To do>
Begin at the line containing "#50=CARTESIAN_POINT('',(-2.5,2.5,0.3));" in the entries below and end at the line containing "#55=CARTESIAN_POINT('',(-2.5,0.,0.3));"; transcribe that range exactly and nothing outside it.

━━━━━━━━

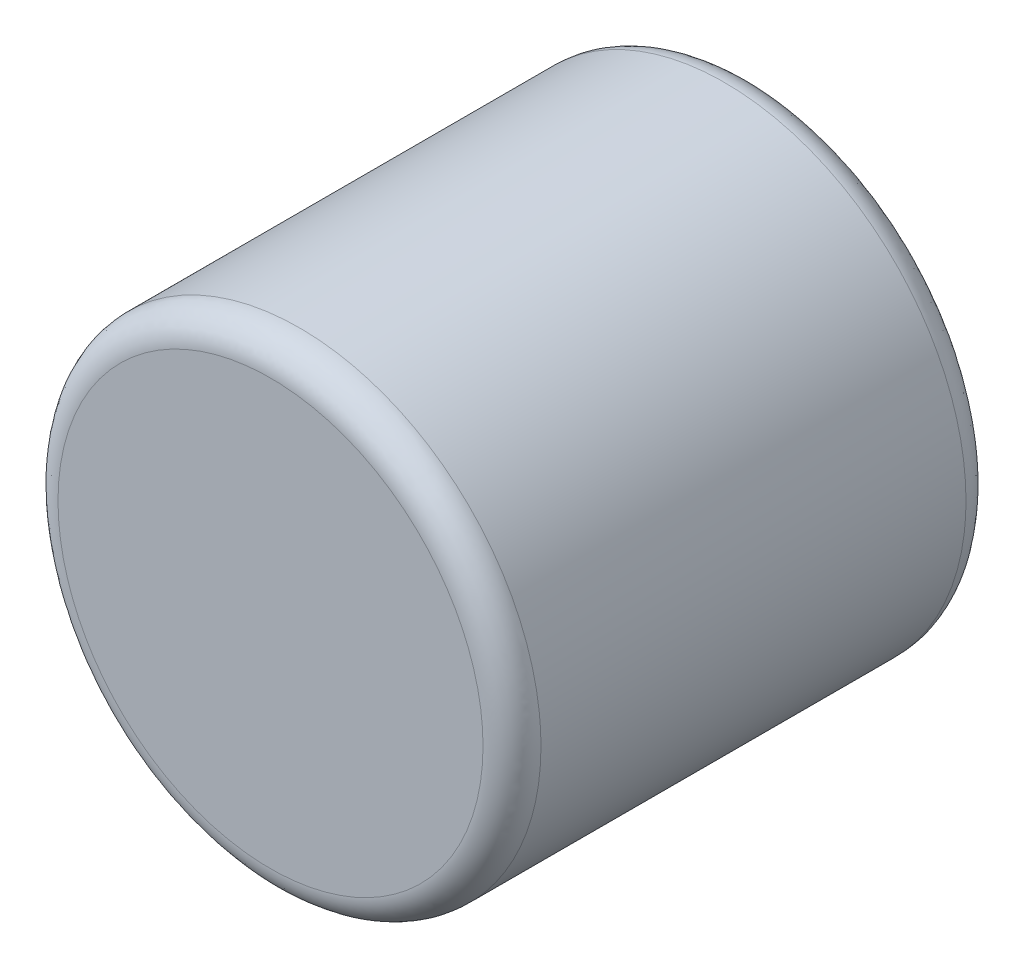
ISO-10303-21;
HEADER;
FILE_DESCRIPTION(('STEP AP214'),'2;1');
FILE_NAME('part.step','',(''),(''),'','','');
FILE_SCHEMA(('AUTOMOTIVE_DESIGN { 1 0 10303 214 1 1 1 1 }'));
ENDSEC;
DATA;
#1=APPLICATION_CONTEXT('core data for automotive mechanical design processes');
#2=APPLICATION_PROTOCOL_DEFINITION('international standard','automotive_design',2000,#1);
#3=PRODUCT_CONTEXT('',#1,'mechanical');
#4=PRODUCT('Part','Part','',(#3));
#5=PRODUCT_RELATED_PRODUCT_CATEGORY('part','',(#4));
#6=PRODUCT_DEFINITION_FORMATION('','',#4);
#7=PRODUCT_DEFINITION_CONTEXT('part definition',#1,'design');
#8=PRODUCT_DEFINITION('design','',#6,#7);
#9=PRODUCT_DEFINITION_SHAPE('','',#8);
#10=(LENGTH_UNIT() NAMED_UNIT(*) SI_UNIT(.MILLI.,.METRE.));
#11=(NAMED_UNIT(*) PLANE_ANGLE_UNIT() SI_UNIT($,.RADIAN.));
#12=(NAMED_UNIT(*) SI_UNIT($,.STERADIAN.) SOLID_ANGLE_UNIT());
#13=UNCERTAINTY_MEASURE_WITH_UNIT(LENGTH_MEASURE(1.E-05),#10,'distance_accuracy_value','');
#14=(GEOMETRIC_REPRESENTATION_CONTEXT(3) GLOBAL_UNCERTAINTY_ASSIGNED_CONTEXT((#13)) GLOBAL_UNIT_ASSIGNED_CONTEXT((#10,
#11,#12)) REPRESENTATION_CONTEXT('',''));
#15=CARTESIAN_POINT('',(0.,0.,0.));
#16=DIRECTION('',(0.,0.,1.));
#17=DIRECTION('',(1.,0.,0.));
#18=AXIS2_PLACEMENT_3D('',#15,#16,#17);
#19=CARTESIAN_POINT('',(-2.5,0.,0.3));
#20=CARTESIAN_POINT('',(-2.5,-2.5,0.3));
#21=CARTESIAN_POINT('',(0.,-2.5,0.3));
#22=CARTESIAN_POINT('',(2.5,-2.5,0.3));
#23=CARTESIAN_POINT('',(2.5,0.,0.3));
#24=CARTESIAN_POINT('',(2.5,2.5,0.3));
#25=CARTESIAN_POINT('',(0.,2.5,0.3));
#26=CARTESIAN_POINT('',(-2.5,2.5,0.3));
#27=CARTESIAN_POINT('',(-2.5,0.,0.3));
#28=CARTESIAN_POINT('',(-2.5,0.,0.));
#29=CARTESIAN_POINT('',(-2.5,-2.5,0.));
#30=CARTESIAN_POINT('',(0.,-2.5,0.));
#31=CARTESIAN_POINT('',(2.5,-2.5,0.));
#32=CARTESIAN_POINT('',(2.5,0.,0.));
#33=CARTESIAN_POINT('',(2.5,2.5,0.));
#34=CARTESIAN_POINT('',(0.,2.5,0.));
#35=CARTESIAN_POINT('',(-2.5,2.5,0.));
#36=CARTESIAN_POINT('',(-2.5,0.,0.));
#37=CARTESIAN_POINT('',(-2.2,0.,0.));
#38=CARTESIAN_POINT('',(-2.2,-2.2,0.));
#39=CARTESIAN_POINT('',(0.,-2.2,0.));
#40=CARTESIAN_POINT('',(2.2,-2.2,0.));
#41=CARTESIAN_POINT('',(2.2,0.,0.));
#42=CARTESIAN_POINT('',(2.2,2.2,0.));
#43=CARTESIAN_POINT('',(0.,2.2,0.));
#44=CARTESIAN_POINT('',(-2.2,2.2,0.));
#45=CARTESIAN_POINT('',(-2.2,0.,0.));
#46=(BOUNDED_SURFACE() B_SPLINE_SURFACE(2,2,((#19,#20,#21,#22,#23,#24,#25,#26,#27),(#28,#29,#30,
#31,#32,#33,#34,#35,#36),(#37,#38,#39,#40,#41,#42,#43,#44,#45)),.UNSPECIFIED.,.F.,.T.,
.F.) B_SPLINE_SURFACE_WITH_KNOTS((3,3),(3,2,2,2,3),(-1.5707963267949,0.),(-3.14159265358979,
-1.5707963267949,0.,1.5707963267949,3.14159265358979),
.UNSPECIFIED.) GEOMETRIC_REPRESENTATION_ITEM() RATIONAL_B_SPLINE_SURFACE(((1.,0.707106781186548,
1.,0.707106781186548,1.,0.707106781186548,1.,0.707106781186548,1.),(0.707106781186549,0.5,
0.707106781186549,0.5,0.707106781186549,0.5,0.707106781186549,0.5,0.707106781186549),(1.,
0.707106781186548,1.,0.707106781186548,1.,0.707106781186548,1.,0.707106781186548,1.))) REPRESENTATION_ITEM('') SURFACE());
#47=CARTESIAN_POINT('',(2.5,0.,0.3));
#48=CARTESIAN_POINT('',(2.5,2.5,0.3));
#49=CARTESIAN_POINT('',(0.,2.5,0.3));
#50=CARTESIAN_POINT('',(-2.5,2.5,0.3));
#51=CARTESIAN_POINT('',(-2.5,0.,0.3));
#52=(BOUNDED_CURVE() B_SPLINE_CURVE(2,(#47,#48,#49,#50,#51),.UNSPECIFIED.,.F.,
.F.) B_SPLINE_CURVE_WITH_KNOTS((3,2,3),(0.,1.5707963267949,3.14159265358979),
.UNSPECIFIED.) CURVE() GEOMETRIC_REPRESENTATION_ITEM() RATIONAL_B_SPLINE_CURVE((1.,
0.707106781186548,1.,0.707106781186548,1.)) REPRESENTATION_ITEM(''));
#53=CARTESIAN_POINT('',(2.5,0.,0.3));
#54=VERTEX_POINT('',#53);
#55=CARTESIAN_POINT('',(-2.5,0.,0.3));
#56=VERTEX_POINT('',#55);
#57=EDGE_CURVE('E62',#54,#56,#52,.T.);
#58=CARTESIAN_POINT('',(-2.5,0.,0.3));
#59=CARTESIAN_POINT('',(-2.5,-2.5,0.3));
#60=CARTESIAN_POINT('',(0.,-2.5,0.3));
#61=CARTESIAN_POINT('',(2.5,-2.5,0.3));
#62=CARTESIAN_POINT('',(2.5,0.,0.3));
#63=(BOUNDED_CURVE() B_SPLINE_CURVE(2,(#58,#59,#60,#61,#62),.UNSPECIFIED.,.F.,
.F.) B_SPLINE_CURVE_WITH_KNOTS((3,2,3),(3.14159265358979,4.71238898038469,6.28318530717959),
.UNSPECIFIED.) CURVE() GEOMETRIC_REPRESENTATION_ITEM() RATIONAL_B_SPLINE_CURVE((1.,
0.707106781186548,1.,0.707106781186547,1.)) REPRESENTATION_ITEM(''));
#64=EDGE_CURVE('E22',#56,#54,#63,.T.);
#65=CARTESIAN_POINT('',(-2.5,0.,0.3));
#66=CARTESIAN_POINT('',(-2.5,0.,0.));
#67=CARTESIAN_POINT('',(-2.2,0.,0.));
#68=(BOUNDED_CURVE() B_SPLINE_CURVE(2,(#65,#66,#67),.UNSPECIFIED.,.F.,
.F.) B_SPLINE_CURVE_WITH_KNOTS((3,3),(0.,1.5707963267949),
.UNSPECIFIED.) CURVE() GEOMETRIC_REPRESENTATION_ITEM() RATIONAL_B_SPLINE_CURVE((1.,
0.707106781186549,1.)) REPRESENTATION_ITEM(''));
#69=CARTESIAN_POINT('',(-2.2,0.,0.));
#70=VERTEX_POINT('',#69);
#71=EDGE_CURVE('E11',#56,#70,#68,.T.);
#72=CARTESIAN_POINT('',(2.2,0.,0.));
#73=CARTESIAN_POINT('',(2.2,-2.2,0.));
#74=CARTESIAN_POINT('',(0.,-2.2,0.));
#75=CARTESIAN_POINT('',(-2.2,-2.2,0.));
#76=CARTESIAN_POINT('',(-2.2,0.,0.));
#77=(BOUNDED_CURVE() B_SPLINE_CURVE(2,(#72,#73,#74,#75,#76),.UNSPECIFIED.,.F.,
.F.) B_SPLINE_CURVE_WITH_KNOTS((3,2,3),(-6.28318530717959,-4.71238898038469,-3.14159265358979),
.UNSPECIFIED.) CURVE() GEOMETRIC_REPRESENTATION_ITEM() RATIONAL_B_SPLINE_CURVE((1.,
0.707106781186548,1.,0.707106781186548,1.)) REPRESENTATION_ITEM(''));
#78=CARTESIAN_POINT('',(2.2,0.,0.));
#79=VERTEX_POINT('',#78);
#80=EDGE_CURVE('E93',#79,#70,#77,.T.);
#81=CARTESIAN_POINT('',(-2.2,0.,0.));
#82=CARTESIAN_POINT('',(-2.2,2.2,0.));
#83=CARTESIAN_POINT('',(0.,2.2,0.));
#84=CARTESIAN_POINT('',(2.2,2.2,0.));
#85=CARTESIAN_POINT('',(2.2,0.,0.));
#86=(BOUNDED_CURVE() B_SPLINE_CURVE(2,(#81,#82,#83,#84,#85),.UNSPECIFIED.,.F.,
.F.) B_SPLINE_CURVE_WITH_KNOTS((3,2,3),(-3.14159265358979,-1.5707963267949,0.),
.UNSPECIFIED.) CURVE() GEOMETRIC_REPRESENTATION_ITEM() RATIONAL_B_SPLINE_CURVE((1.,
0.707106781186547,1.,0.707106781186548,1.)) REPRESENTATION_ITEM(''));
#87=EDGE_CURVE('E85',#70,#79,#86,.T.);
#88=ORIENTED_EDGE('',*,*,#57,.F.);
#89=ORIENTED_EDGE('',*,*,#64,.F.);
#90=ORIENTED_EDGE('',*,*,#71,.T.);
#91=ORIENTED_EDGE('',*,*,#80,.F.);
#92=ORIENTED_EDGE('',*,*,#87,.F.);
#93=ORIENTED_EDGE('',*,*,#71,.F.);
#94=EDGE_LOOP('',(#88,#89,#90,#91,#92,#93));
#95=FACE_BOUND('',#94,.T.);
#96=ADVANCED_FACE('F17',(#95),#46,.T.);
#97=CARTESIAN_POINT('',(-2.2,0.,5.));
#98=CARTESIAN_POINT('',(-2.2,-2.2,5.));
#99=CARTESIAN_POINT('',(0.,-2.2,5.));
#100=CARTESIAN_POINT('',(2.2,-2.2,5.));
#101=CARTESIAN_POINT('',(2.2,0.,5.));
#102=CARTESIAN_POINT('',(2.2,2.2,5.));
#103=CARTESIAN_POINT('',(0.,2.2,5.));
#104=CARTESIAN_POINT('',(-2.2,2.2,5.));
#105=CARTESIAN_POINT('',(-2.2,0.,5.));
#106=CARTESIAN_POINT('',(-2.5,0.,5.));
#107=CARTESIAN_POINT('',(-2.5,-2.5,5.));
#108=CARTESIAN_POINT('',(0.,-2.5,5.));
#109=CARTESIAN_POINT('',(2.5,-2.5,5.));
#110=CARTESIAN_POINT('',(2.5,0.,5.));
#111=CARTESIAN_POINT('',(2.5,2.5,5.));
#112=CARTESIAN_POINT('',(0.,2.5,5.));
#113=CARTESIAN_POINT('',(-2.5,2.5,5.));
#114=CARTESIAN_POINT('',(-2.5,0.,5.));
#115=CARTESIAN_POINT('',(-2.5,0.,4.7));
#116=CARTESIAN_POINT('',(-2.5,-2.5,4.7));
#117=CARTESIAN_POINT('',(0.,-2.5,4.7));
#118=CARTESIAN_POINT('',(2.5,-2.5,4.7));
#119=CARTESIAN_POINT('',(2.5,0.,4.7));
#120=CARTESIAN_POINT('',(2.5,2.5,4.7));
#121=CARTESIAN_POINT('',(0.,2.5,4.7));
#122=CARTESIAN_POINT('',(-2.5,2.5,4.7));
#123=CARTESIAN_POINT('',(-2.5,0.,4.7));
#124=(BOUNDED_SURFACE() B_SPLINE_SURFACE(2,2,((#97,#98,#99,#100,#101,#102,#103,#104,#105),(#106,
#107,#108,#109,#110,#111,#112,#113,#114),(#115,#116,#117,#118,#119,#120,#121,#122,#123)),
.UNSPECIFIED.,.F.,.T.,.F.) B_SPLINE_SURFACE_WITH_KNOTS((3,3),(3,2,2,2,3),(0.,1.5707963267949),
(-3.14159265358979,-1.5707963267949,0.,1.5707963267949,3.14159265358979),
.UNSPECIFIED.) GEOMETRIC_REPRESENTATION_ITEM() RATIONAL_B_SPLINE_SURFACE(((1.,0.707106781186548,
1.,0.707106781186548,1.,0.707106781186548,1.,0.707106781186548,1.),(0.707106781186552,0.5,
0.707106781186552,0.5,0.707106781186552,0.5,0.707106781186552,0.5,0.707106781186552),(1.,
0.707106781186548,1.,0.707106781186548,1.,0.707106781186548,1.,0.707106781186548,1.))) REPRESENTATION_ITEM('') SURFACE());
#125=CARTESIAN_POINT('',(2.2,0.,5.));
#126=CARTESIAN_POINT('',(2.2,2.2,5.));
#127=CARTESIAN_POINT('',(0.,2.2,5.));
#128=CARTESIAN_POINT('',(-2.2,2.2,5.));
#129=CARTESIAN_POINT('',(-2.2,0.,5.));
#130=(BOUNDED_CURVE() B_SPLINE_CURVE(2,(#125,#126,#127,#128,#129),.UNSPECIFIED.,.F.,
.F.) B_SPLINE_CURVE_WITH_KNOTS((3,2,3),(0.,1.5707963267949,3.14159265358979),
.UNSPECIFIED.) CURVE() GEOMETRIC_REPRESENTATION_ITEM() RATIONAL_B_SPLINE_CURVE((1.,
0.707106781186548,1.,0.707106781186547,1.)) REPRESENTATION_ITEM(''));
#131=CARTESIAN_POINT('',(2.2,0.,5.));
#132=VERTEX_POINT('',#131);
#133=CARTESIAN_POINT('',(-2.2,0.,5.));
#134=VERTEX_POINT('',#133);
#135=EDGE_CURVE('E121',#132,#134,#130,.T.);
#136=CARTESIAN_POINT('',(-2.2,0.,5.));
#137=CARTESIAN_POINT('',(-2.2,-2.2,5.));
#138=CARTESIAN_POINT('',(0.,-2.2,5.));
#139=CARTESIAN_POINT('',(2.2,-2.2,5.));
#140=CARTESIAN_POINT('',(2.2,0.,5.));
#141=(BOUNDED_CURVE() B_SPLINE_CURVE(2,(#136,#137,#138,#139,#140),.UNSPECIFIED.,.F.,
.F.) B_SPLINE_CURVE_WITH_KNOTS((3,2,3),(3.14159265358979,4.71238898038469,6.28318530717959),
.UNSPECIFIED.) CURVE() GEOMETRIC_REPRESENTATION_ITEM() RATIONAL_B_SPLINE_CURVE((1.,
0.707106781186548,1.,0.707106781186548,1.)) REPRESENTATION_ITEM(''));
#142=EDGE_CURVE('E101',#134,#132,#141,.T.);
#143=CARTESIAN_POINT('',(-2.2,0.,5.));
#144=CARTESIAN_POINT('',(-2.5,0.,5.));
#145=CARTESIAN_POINT('',(-2.5,0.,4.7));
#146=(BOUNDED_CURVE() B_SPLINE_CURVE(2,(#143,#144,#145),.UNSPECIFIED.,.F.,
.F.) B_SPLINE_CURVE_WITH_KNOTS((3,3),(-1.5707963267949,0.),
.UNSPECIFIED.) CURVE() GEOMETRIC_REPRESENTATION_ITEM() RATIONAL_B_SPLINE_CURVE((1.,
0.707106781186552,1.)) REPRESENTATION_ITEM(''));
#147=CARTESIAN_POINT('',(-2.5,0.,4.7));
#148=VERTEX_POINT('',#147);
#149=EDGE_CURVE('E31',#134,#148,#146,.T.);
#150=CARTESIAN_POINT('',(2.5,0.,4.7));
#151=CARTESIAN_POINT('',(2.5,-2.5,4.7));
#152=CARTESIAN_POINT('',(0.,-2.5,4.7));
#153=CARTESIAN_POINT('',(-2.5,-2.5,4.7));
#154=CARTESIAN_POINT('',(-2.5,0.,4.7));
#155=(BOUNDED_CURVE() B_SPLINE_CURVE(2,(#150,#151,#152,#153,#154),.UNSPECIFIED.,.F.,
.F.) B_SPLINE_CURVE_WITH_KNOTS((3,2,3),(-6.28318530717959,-4.71238898038469,-3.14159265358979),
.UNSPECIFIED.) CURVE() GEOMETRIC_REPRESENTATION_ITEM() RATIONAL_B_SPLINE_CURVE((1.,
0.707106781186547,1.,0.707106781186548,1.)) REPRESENTATION_ITEM(''));
#156=CARTESIAN_POINT('',(2.5,0.,4.7));
#157=VERTEX_POINT('',#156);
#158=EDGE_CURVE('E68',#157,#148,#155,.T.);
#159=CARTESIAN_POINT('',(-2.5,0.,4.7));
#160=CARTESIAN_POINT('',(-2.5,2.5,4.7));
#161=CARTESIAN_POINT('',(0.,2.5,4.7));
#162=CARTESIAN_POINT('',(2.5,2.5,4.7));
#163=CARTESIAN_POINT('',(2.5,0.,4.7));
#164=(BOUNDED_CURVE() B_SPLINE_CURVE(2,(#159,#160,#161,#162,#163),.UNSPECIFIED.,.F.,
.F.) B_SPLINE_CURVE_WITH_KNOTS((3,2,3),(-3.14159265358979,-1.5707963267949,0.),
.UNSPECIFIED.) CURVE() GEOMETRIC_REPRESENTATION_ITEM() RATIONAL_B_SPLINE_CURVE((1.,
0.707106781186548,1.,0.707106781186548,1.)) REPRESENTATION_ITEM(''));
#165=EDGE_CURVE('E65',#148,#157,#164,.T.);
#166=ORIENTED_EDGE('',*,*,#135,.F.);
#167=ORIENTED_EDGE('',*,*,#142,.F.);
#168=ORIENTED_EDGE('',*,*,#149,.T.);
#169=ORIENTED_EDGE('',*,*,#158,.F.);
#170=ORIENTED_EDGE('',*,*,#165,.F.);
#171=ORIENTED_EDGE('',*,*,#149,.F.);
#172=EDGE_LOOP('',(#166,#167,#168,#169,#170,#171));
#173=FACE_BOUND('',#172,.T.);
#174=ADVANCED_FACE('F150',(#173),#124,.T.);
#175=CARTESIAN_POINT('',(2.64,-2.64,0.));
#176=CARTESIAN_POINT('',(2.64,2.64,0.));
#177=CARTESIAN_POINT('',(-2.64,-2.64,0.));
#178=CARTESIAN_POINT('',(-2.64,2.64,0.));
#179=(BOUNDED_SURFACE() B_SPLINE_SURFACE(1,1,((#175,#176),(#177,#178)),.UNSPECIFIED.,.F.,.F.,
.F.) B_SPLINE_SURFACE_WITH_KNOTS((2,2),(2,2),(-0.00264,0.00264),(-0.00264,0.00264),
.UNSPECIFIED.) GEOMETRIC_REPRESENTATION_ITEM() RATIONAL_B_SPLINE_SURFACE(((1.,1.),(1.,1.))) REPRESENTATION_ITEM('') SURFACE());
#180=ORIENTED_EDGE('',*,*,#80,.T.);
#181=ORIENTED_EDGE('',*,*,#87,.T.);
#182=EDGE_LOOP('',(#180,#181));
#183=FACE_BOUND('',#182,.T.);
#184=ADVANCED_FACE('F155',(#183),#179,.T.);
#185=CARTESIAN_POINT('',(-2.64,-2.64,5.));
#186=CARTESIAN_POINT('',(-2.64,2.64,5.));
#187=CARTESIAN_POINT('',(2.64,-2.64,5.));
#188=CARTESIAN_POINT('',(2.64,2.64,5.));
#189=(BOUNDED_SURFACE() B_SPLINE_SURFACE(1,1,((#185,#186),(#187,#188)),.UNSPECIFIED.,.F.,.F.,
.F.) B_SPLINE_SURFACE_WITH_KNOTS((2,2),(2,2),(-0.00264,0.00264),(-0.00264,0.00264),
.UNSPECIFIED.) GEOMETRIC_REPRESENTATION_ITEM() RATIONAL_B_SPLINE_SURFACE(((1.,1.),(1.,1.))) REPRESENTATION_ITEM('') SURFACE());
#190=ORIENTED_EDGE('',*,*,#135,.T.);
#191=ORIENTED_EDGE('',*,*,#142,.T.);
#192=EDGE_LOOP('',(#190,#191));
#193=FACE_BOUND('',#192,.T.);
#194=ADVANCED_FACE('F153',(#193),#189,.T.);
#195=CARTESIAN_POINT('',(2.5,0.,0.3));
#196=CARTESIAN_POINT('',(2.5,-2.5,0.3));
#197=CARTESIAN_POINT('',(0.,-2.5,0.3));
#198=CARTESIAN_POINT('',(-2.5,-2.5,0.3));
#199=CARTESIAN_POINT('',(-2.5,0.,0.3));
#200=CARTESIAN_POINT('',(-2.5,2.5,0.3));
#201=CARTESIAN_POINT('',(0.,2.5,0.3));
#202=CARTESIAN_POINT('',(2.5,2.5,0.3));
#203=CARTESIAN_POINT('',(2.5,0.,0.3));
#204=CARTESIAN_POINT('',(2.5,0.,4.7));
#205=CARTESIAN_POINT('',(2.5,-2.5,4.7));
#206=CARTESIAN_POINT('',(0.,-2.5,4.7));
#207=CARTESIAN_POINT('',(-2.5,-2.5,4.7));
#208=CARTESIAN_POINT('',(-2.5,0.,4.7));
#209=CARTESIAN_POINT('',(-2.5,2.5,4.7));
#210=CARTESIAN_POINT('',(0.,2.5,4.7));
#211=CARTESIAN_POINT('',(2.5,2.5,4.7));
#212=CARTESIAN_POINT('',(2.5,0.,4.7));
#213=(BOUNDED_SURFACE() B_SPLINE_SURFACE(1,2,((#195,#196,#197,#198,#199,#200,#201,#202,#203),
(#204,#205,#206,#207,#208,#209,#210,#211,#212)),.UNSPECIFIED.,.F.,.T.,
.F.) B_SPLINE_SURFACE_WITH_KNOTS((2,2),(3,2,2,2,3),(0.12,1.88),(-3.14159265358979,
-1.5707963267949,0.,1.5707963267949,3.14159265358979),
.UNSPECIFIED.) GEOMETRIC_REPRESENTATION_ITEM() RATIONAL_B_SPLINE_SURFACE(((1.,0.707106781186548,
1.,0.707106781186548,1.,0.707106781186548,1.,0.707106781186548,1.),(1.,0.707106781186548,1.,
0.707106781186548,1.,0.707106781186548,1.,0.707106781186548,1.))) REPRESENTATION_ITEM('') SURFACE());
#214=CARTESIAN_POINT('',(2.5,0.,0.3));
#215=CARTESIAN_POINT('',(2.5,0.,4.7));
#216=(BOUNDED_CURVE() B_SPLINE_CURVE(1,(#214,#215),.UNSPECIFIED.,.F.,
.F.) B_SPLINE_CURVE_WITH_KNOTS((2,2),(-1.88,-0.12),
.UNSPECIFIED.) CURVE() GEOMETRIC_REPRESENTATION_ITEM() RATIONAL_B_SPLINE_CURVE((1.,1.)) REPRESENTATION_ITEM(''));
#217=EDGE_CURVE('E59',#54,#157,#216,.T.);
#218=ORIENTED_EDGE('',*,*,#57,.T.);
#219=ORIENTED_EDGE('',*,*,#64,.T.);
#220=ORIENTED_EDGE('',*,*,#217,.T.);
#221=ORIENTED_EDGE('',*,*,#158,.T.);
#222=ORIENTED_EDGE('',*,*,#165,.T.);
#223=ORIENTED_EDGE('',*,*,#217,.F.);
#224=EDGE_LOOP('',(#218,#219,#220,#221,#222,#223));
#225=FACE_BOUND('',#224,.T.);
#226=ADVANCED_FACE('F61',(#225),#213,.T.);
#227=CLOSED_SHELL('',(#96,#174,#184,#194,#226));
#228=MANIFOLD_SOLID_BREP('B1',#227);
#229=ADVANCED_BREP_SHAPE_REPRESENTATION('',(#18,#228),#14);
#230=SHAPE_DEFINITION_REPRESENTATION(#9,#229);
ENDSEC;
END-ISO-10303-21;

━━━━━━━━

Solution for this exercise>
#50=CARTESIAN_POINT('',(-2.5,2.5,0.3));
#51=CARTESIAN_POINT('',(-2.5,0.,0.3));
#52=(BOUNDED_CURVE() B_SPLINE_CURVE(2,(#47,#48,#49,#50,#51),.UNSPECIFIED.,.F.,
.F.) B_SPLINE_CURVE_WITH_KNOTS((3,2,3),(0.,1.5707963267949,3.14159265358979),
.UNSPECIFIED.) CURVE() GEOMETRIC_REPRESENTATION_ITEM() RATIONAL_B_SPLINE_CURVE((1.,
0.707106781186548,1.,0.707106781186548,1.)) REPRESENTATION_ITEM(''));
#53=CARTESIAN_POINT('',(2.5,0.,0.3));
#54=VERTEX_POINT('',#53);
#55=CARTESIAN_POINT('',(-2.5,0.,0.3));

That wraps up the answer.